I hope that the attendance at the opening means that they will have a large number of workers, because I feel sure that there is plenty for them to do. There are too few places in this city for the newcomers who are department workers, or for the influx of sightseers from the camps, etc., to meet in a congenial atmosphere.

After dinner, I went up to the Library of Congress to the opening of an exhibition of South American posters. A few of our own are also shown, but I do not think we have yet learned to use our best artists, so our posters do not seem to be quite as vivid and colorful as some of those from the South American countries.

I was struck by the fact that so many of them dealt with questions of social security, housing and youth activities. This exhibition will be open for two weeks and I hope a great many people will see it.

Back from the poster exhibit, I dressed for the train, then had a short talk with one of the assistant directors of Civilian Defense and, finally, Miss Thompson and I made the 11:50 train for Boston.
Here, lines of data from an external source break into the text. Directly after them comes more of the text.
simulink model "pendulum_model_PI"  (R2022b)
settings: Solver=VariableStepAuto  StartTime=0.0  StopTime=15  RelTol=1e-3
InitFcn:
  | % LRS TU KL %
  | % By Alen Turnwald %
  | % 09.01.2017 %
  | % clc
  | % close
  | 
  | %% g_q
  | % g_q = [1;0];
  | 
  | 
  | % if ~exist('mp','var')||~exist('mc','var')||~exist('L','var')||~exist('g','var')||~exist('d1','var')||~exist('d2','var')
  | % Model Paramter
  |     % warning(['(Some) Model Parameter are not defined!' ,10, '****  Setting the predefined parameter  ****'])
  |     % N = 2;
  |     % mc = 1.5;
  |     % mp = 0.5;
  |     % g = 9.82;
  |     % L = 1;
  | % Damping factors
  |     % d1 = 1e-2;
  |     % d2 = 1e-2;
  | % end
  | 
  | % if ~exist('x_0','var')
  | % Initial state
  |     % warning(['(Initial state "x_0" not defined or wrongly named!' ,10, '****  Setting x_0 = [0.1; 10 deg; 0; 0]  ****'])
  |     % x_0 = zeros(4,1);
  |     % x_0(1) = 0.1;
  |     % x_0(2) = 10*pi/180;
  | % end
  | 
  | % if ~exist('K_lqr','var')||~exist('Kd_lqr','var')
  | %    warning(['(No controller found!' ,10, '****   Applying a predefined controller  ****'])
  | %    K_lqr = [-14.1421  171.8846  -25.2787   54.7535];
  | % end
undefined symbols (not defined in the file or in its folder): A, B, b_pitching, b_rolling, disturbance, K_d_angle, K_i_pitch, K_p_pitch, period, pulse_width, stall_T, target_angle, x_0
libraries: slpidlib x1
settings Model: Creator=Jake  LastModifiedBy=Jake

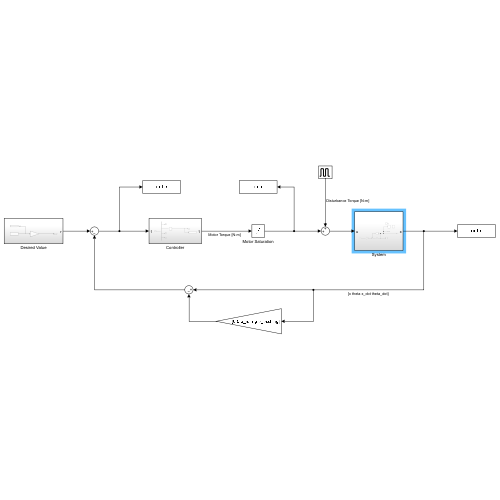
[thumbnail: Simulink's stored preview of the top-level diagram]
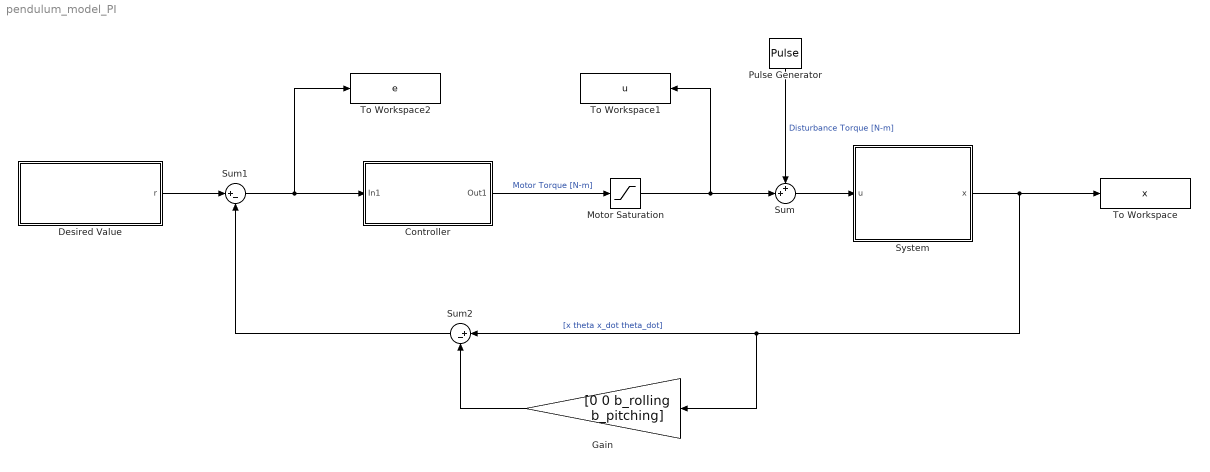
== system pendulum_model_PI ==
  Controller : Subsystem
  Desired Value : Subsystem
  Gain : Gain  Gain=[0 0 b_rolling b_pitching]
  Motor Saturation : Saturate  UpperLimit=stall_T  LowerLimit=-stall_T
  Pulse Generator : DiscretePulseGenerator  PulseType=Time based  Amplitude=disturbance  Period=period  PulseWidth=pulse_width
  Sum : Sum  Inputs=++|
  Sum1 : Sum  Inputs=|+-
  Sum2 : Sum  Inputs=|+-
  System : Subsystem
  To Workspace : ToWorkspace  VariableName=x  SampleTime=-1
  To Workspace1 : ToWorkspace  VariableName=u  SampleTime=-1
  To Workspace2 : ToWorkspace  VariableName=e  SampleTime=-1
  wires:
  Sum/1 -> System/1(u)
  Motor Saturation/1 -> To Workspace1/1, Sum/2
  Pulse Generator/1 -> Sum/1  "Disturbance Torque [N-m]"
  Desired Value/1(r) -> Sum1/1
  Controller/1(Out1) -> Motor Saturation/1  "Motor Torque [N-m]"
  Sum1/1 -> To Workspace2/1, Controller/1(In1)
  System/1(x) -> To Workspace/1, Sum2/1, Gain/1  "[x theta x_dot theta_dot]"
  Sum2/1 -> Sum1/2
  Gain/1 -> Sum2/2

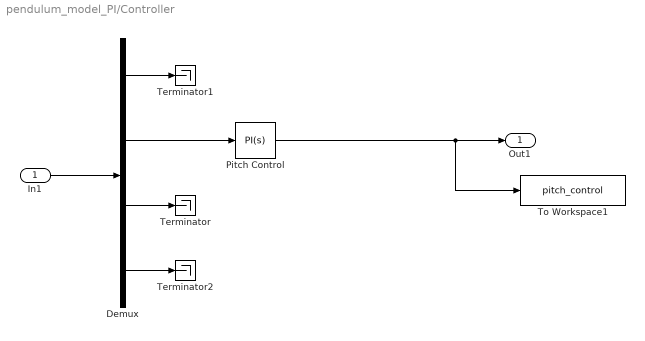
== system pendulum_model_PI/Controller ==
  In1 : Inport
  Demux : Demux
  Pitch Control : slpidlib/PID Controller  Controller=PI  Form=Parallel  TimeDomain=Continuous-time  UseExternalTs=off  SampleTime=-1  IntegratorMethod=Forward Euler  FilterMethod=Forward Euler  ControllerParametersSource=internal  P=K_p_pitch  I=K_i_pitch  UseKiTs=off  D=K_d_angle  N=45  UseFilter=on  TunerSelectOption=Transfer Function Based (PID Tuner App)  InitialConditionSource=internal  InitialConditionForIntegrator=0  InitialConditionForFilter=0  DifferentiatorICPrevScaledInput=0  ExternalReset=none  TrackingMode=off  Kt=1  LimitOutput=off  SatLimitsSource=internal  UpperSaturationLimit=inf  LowerSaturationLimit=-inf  LinearizeAsGain=on  AntiWindupMode=none  Kb=1  LimitIntegrator=off  UpperIntegratorSaturationLimit=inf  LowerIntegratorSaturationLimit=-inf  POutMin=[]  POutMax=[]  IOutMin=[]  IOutMax=[]  DOutMin=[]  DOutMax=[]  NOutMin=[]  NOutMax=[]  SumOutMin=[]  SumOutMax=[]  SaturationOutMin=[]  SaturationOutMax=[]  PParamMin=[]  PParamMax=[]  IParamMin=[]  IParamMax=[]  DParamMin=[]  DParamMax=[]  NParamMin=[]  NParamMax=[]  KbParamMin=[]  KbParamMax=[]  KtParamMin=[]  KtParamMax=[]  KbOutMin=[]  KbOutMax=[]  KtOutMin=[]  KtOutMax=[]  IntegratorOutMin=[]  IntegratorOutMax=[]  FilterOutMin=[]  FilterOutMax=[]  SumI1OutMin=[]  SumI1OutMax=[]  SumI2OutMin=[]  SumI2OutMax=[]  SumI3OutMin=[]  SumI3OutMax=[]  SumI4OutMin=[]  SumI4OutMax=[]  SumDOutMin=[]  SumDOutMax=[]  DifferentiatorOutMin=[]  DifferentiatorOutMax=[]  FilterDiffOutCoefMin=[]  FilterDiffOutCoefMax=[]  ReciprocalOutMin=[]  ReciprocalOutMax=[]  SumDenOutMin=[]  SumDenOutMax=[]  SumNumOutMin=[]  SumNumOutMax=[]  DivideOutMin=[]  DivideOutMax=[]  UdiffTsProdOutMin=[]  UdiffTsProdOutMax=[]  NTsProdOutMin=[]  NTsProdOutMax=[]  UintegralTsProdOutMin=[]  UintegralTsProdOutMax=[]  UngainTsProdOutMin=[]  UngainTsProdOutMax=[]  ClampingZeroOutDataTypeStr=Inherit: Inherit via back propagation  ClampingZeroOutMin=[]  ClampingZeroOutMax=[]  FilterDenConstantOutDataTypeStr=Inherit: Inherit via back propagation  FilterDenConstantOutMin=[]  FilterDenConstantOutMax=[]  PCopyOutDataTypeStr=Inherit: Inherit via back propagation  PCopyOutMin=[]  PCopyOutMax=[]  NCopyOutDataTypeStr=Inherit: Inherit via back propagation  NCopyOutMin=[]  NCopyOutMax=[]  IntegratorContinuousStateAttributes=''  IntegratorStateMustResolveToSignalObject=off  IntegratorRTWStateStorageClass=Auto  FilterContinuousStateAttributes=''  FilterStateMustResolveToSignalObject=off  FilterRTWStateStorageClass=Auto  ParallelPVariant=InternalParameters  IdealPVariant=Disabled  IVariant=InternalParameters  DVariant=Disabled  IntegratorVariant=Continuous  SatVariant=Disabled  AWVariant=Passthrough  PCopyVariant=Disabled  TRVariant=Disabled  FdbkBlocksVariant=Forward  IdealPFdbkVariant=Disabled  SatFdbkVariant=Disabled  DerivativeFilterVariant=Disabled  NVariant=Disabled  NCopyVariant=Disabled_SignalSpec  FilterICVariant=Disabled  IntegratorICVariant=InternalICs  ExternalResetVariant=Disabled  TRSumVariant=Passthrough  SumFdbkVariant=Disabled  SumVariant=Sum_PI  TsampFilterVariant=InternalTs  TsampNgainVariant=Passthrough  TsampIntegralVariant=Passthrough  ExternalSaturationOutDataTypeStr=Inherit: Same as second input
  Terminator : Terminator
  Terminator1 : Terminator
  Terminator2 : Terminator
  To Workspace1 : ToWorkspace  VariableName=pitch_control  SampleTime=-1
  Out1 : Outport
  wires:
  In1/1 -> Demux/1
  Pitch Control/1 -> To Workspace1/1, Out1/1
  Demux/4 -> Terminator2/1
  Demux/3 -> Terminator/1
  Demux/2 -> Pitch Control/1
  Demux/1 -> Terminator1/1

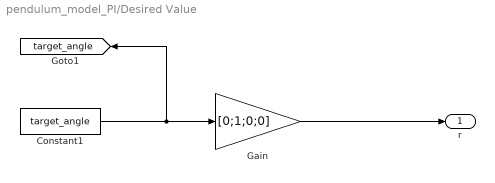
== system pendulum_model_PI/Desired Value ==
  Constant1 : Constant  Value=target_angle
  Gain : Gain  Gain=[0;1;0;0]
  r : Outport
  tag scope: target_angle=global
  wires:
  Constant1/1 -> Gain/1, [target_angle]
  Gain/1 -> r/1

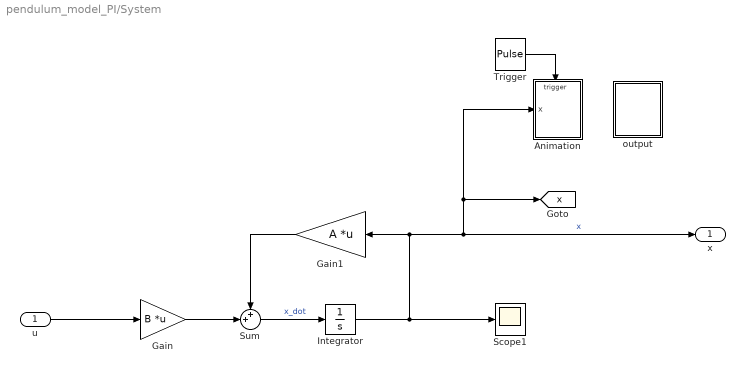
== system pendulum_model_PI/System ==
  u : Inport
  Animation : Subsystem
  Gain : Gain  Gain=B  Multiplication=Matrix(K*u)
  Gain1 : Gain  Gain=A  Multiplication=Matrix(K*u)
  Integrator : Integrator  InitialCondition=x_0
  Scope1 : Scope
  Sum : Sum  Inputs=++|
  Trigger : DiscretePulseGenerator  PulseType=Time based  Period=0.1  PulseWidth=50
  output : Subsystem
  x : Outport
  tag scope: x=global
  wires:
  u/1 -> Gain/1
  Sum/1 -> Integrator/1  "x_dot"
  Gain1/1 -> Sum/1
  Gain/1 -> Sum/2
  Integrator/1 -> Scope1/1, [x], Animation/1(x), x/1, Gain1/1  "x"
  Trigger/1 -> Animation/Trigger

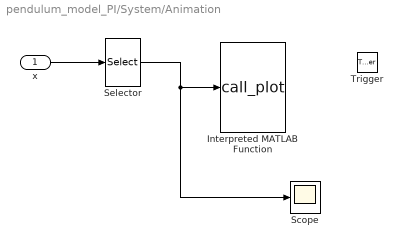
== system pendulum_model_PI/System/Animation ==
  x : Inport
  Trigger : TriggerPort  VariantControl=(inherit)  PortDimensions=1
  Interpreted MATLAB Function : MATLABFcn  MATLABFcn=call_plot  OutputDimensions=0
  Scope : Scope
  Selector : Selector  InputPortWidth=4  IndexOptions=Index vector (dialog)  Indices=[1:2]  OutputSizes=1
  wires:
  x/1 -> Selector/1
  Selector/1 -> Scope/1, Interpreted MATLAB Function/1

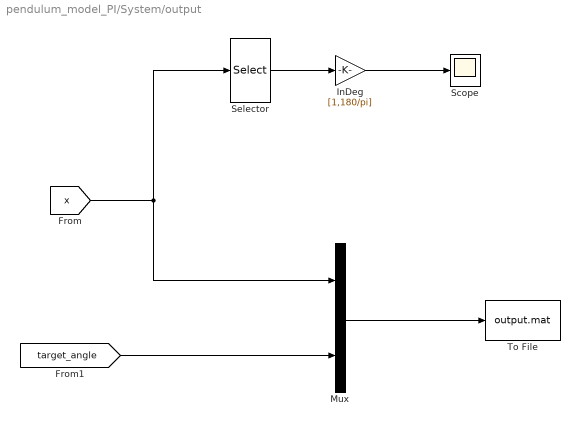
== system pendulum_model_PI/System/output ==
  InDeg : Gain  Gain=[1,180/pi]
  Mux : Mux  Inputs=2
  Scope : Scope
  Selector : Selector  InputPortWidth=4  IndexOptions=Index vector (dialog)  Indices=[1:2]  OutputSizes=1
  To File : ToFile  Filename=output.mat  MatrixName=out  SaveFormat=Timeseries
  wires:
  [x] -> Mux/1, Selector/1
  InDeg/1 -> Scope/1
  Selector/1 -> InDeg/1
  Mux/1 -> To File/1
  [target_angle] -> Mux/2

We arrived here this morning and after breakfast at the Hotel Statler, drove out to Hingham with Mrs. Frances MacGregor. It is fun to be out in the country and to enjoy a change of scene even for a day.

I would hardly have come at the present time, if I had not broken this engagement when I went West right after Pearl Harbor. I have been able to do some of the things which I had to give up at that time, but I am afraid I shall never be able to catch up on others.

I listened to the President's message over the radio today and wished that I could be in two places at once. It is rather an interesting thing, when you are accustomed to watching a person speak, to hear him now and then over the radio, and to have an idea of how it seems to other people who never actually see the person face to face, even when they know his voice quite well and have listened to him many times on the air.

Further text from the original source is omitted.